The shares were the property of one of the plaintiffs, Mrs. Strong, as part of the estate of her first
husband. They were purchased by the defendant through a broker who dealt with her agent, one Jones, who had the
script in her possession and who had made the sale without the knowledge of the plaintiff. The defendant was a
director, was the managing agent, and was in his own right the majority stockholder of the society.
ISSUE:
WON a director and majority stockholder must disclose his information to another stockholder before
buying stock from him.
HELD:
YES. The director and controlling stockholder who purchased the shares of another stockholder through
an agent was held to be guilty of concealing the impending purchase of the friar lands they own by the government, a
significant fact which would affect the price of the shares.
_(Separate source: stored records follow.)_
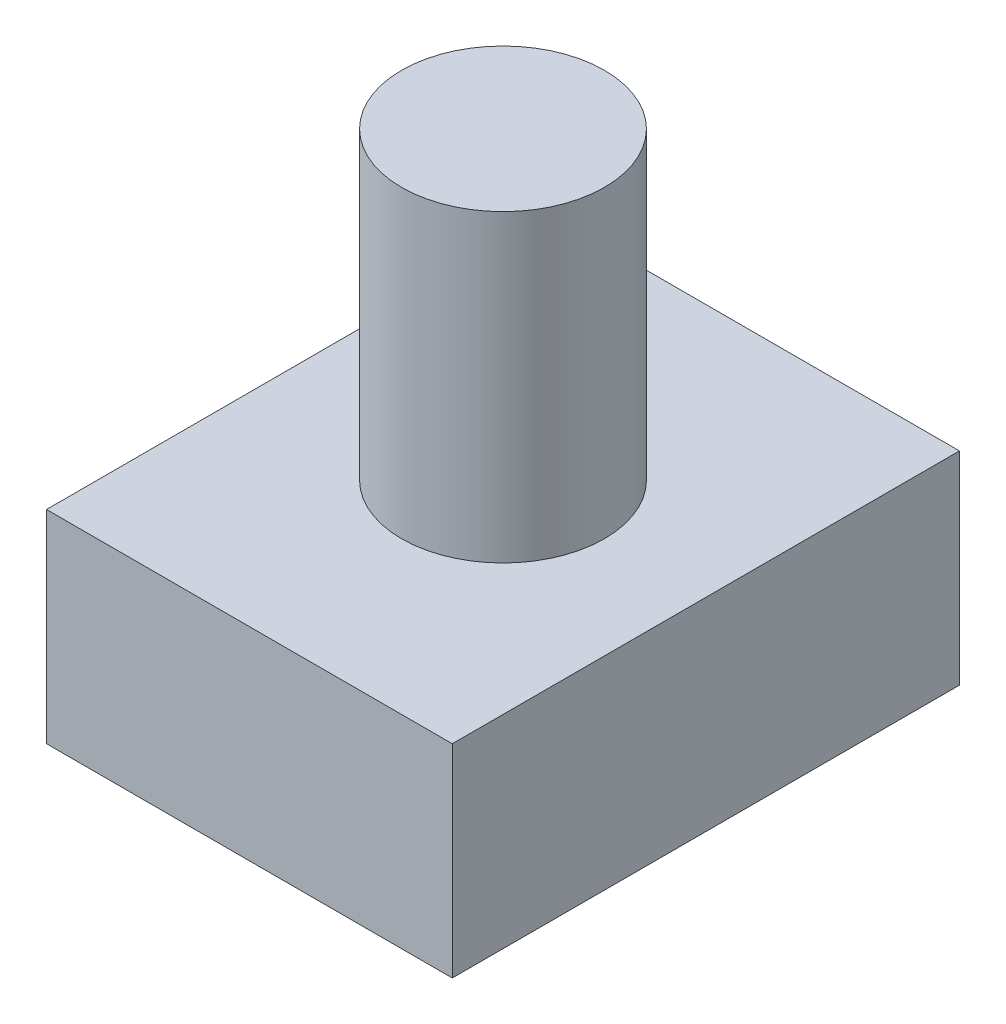
from build123d import *

# Parameters (mm, degrees)
SKETCH1_W           = 40
SKETCH1_H           = 50
BOSS_EXTRUDE1_DEPTH = 20
SKETCH2_R           = 10
BOSS_EXTRUDE2_DEPTH = 30


with BuildPart() as part:
    # Sketch1 → Boss-Extrude1 (new body)
    with BuildSketch(Plane(origin=(0, 0, 0), x_dir=(1, 0, 0), z_dir=(0, 1, 0))):
        with Locations((20, 25)):
            Rectangle(SKETCH1_W, SKETCH1_H)
    extrude(amount=BOSS_EXTRUDE1_DEPTH)

    # Sketch2 → Boss-Extrude2 (add)
    with BuildSketch(Plane(origin=(0, 20, 0), x_dir=(1, 0, 0), z_dir=(0, 1, 0))):
        with Locations(Location((20, 25, 0), (0, 0, 270))):
            Circle(SKETCH2_R)
    extrude(amount=BOSS_EXTRUDE2_DEPTH)


solid = part.part

Although ordinarily, the relationship between directors and stockholders of a corporation is not of a
fiduciary character as to oblige the director to disclose to a stockholder the general knowledge which he may possess
regarding the value of the shares of the company before he purchases any form a shareholder, there are cases when
such duty and obligation upon the director is present. Being the chief negotiator for the sale of the lands, the director
was the only person who knew of the advantages and the impending increase in the value of the shares such that he
is precluded from acquiring stocks from other shareholders without first informing them of the pertinent facts affecting
the value of the shares being bought. It is fraudulent for a stockholder to buy from a shareholder without disclosing his
identity.
NOTE: Special Facts Doctrine: a doctrine holding that a corporate officer with superior knowledge gained by virtue of
being an insider owes a limited fiduciary duty to a shareholder in transactions involving transfer of stock.
Steinberg vs. Velasco
G.R. No. L-30460; March 12, 1929
FACTS:
The board of the corporation authorized the purchase of 330shares of capital stock of the corporation and
the declaration of dividends at a time when the corporation was indebted and in such a bad financial condition. The
directors relied on the face value on the books of its A/R, which had little or no value. Furthermore it appears that two
of the directors were permitted to resign so that they could sell their stock to the corporation. The corporation became
insolvent, and the receiver Steinberg sues the directors.
ISSUE:
Duty to creditors.
HELD:
Creditors of a corporation have the right to assume that so long as there are outstanding debts and
liabilities, the BOD will not use the assets of the corporation to buy its own stock, and will not declare dividends to
stockholders when the corporation is insolvent.
In this case, it was found that the corporation did not have an actual bona fide surplus from which
dividends could be paid. Moreover, the Court noted that the Board of Directors purchased the stock from the
corporation and declared the dividends on the stock at the same Board meeting, and that the directors were permitted
to resign so that they could sell their stock to the corporation. Given all of this, it was apparent that the directors did
not act in good faith or were grossly ignorant of their duties. Either way, they are liable for their actions which affected
the financial condition of the corporation and prejudiced creditors.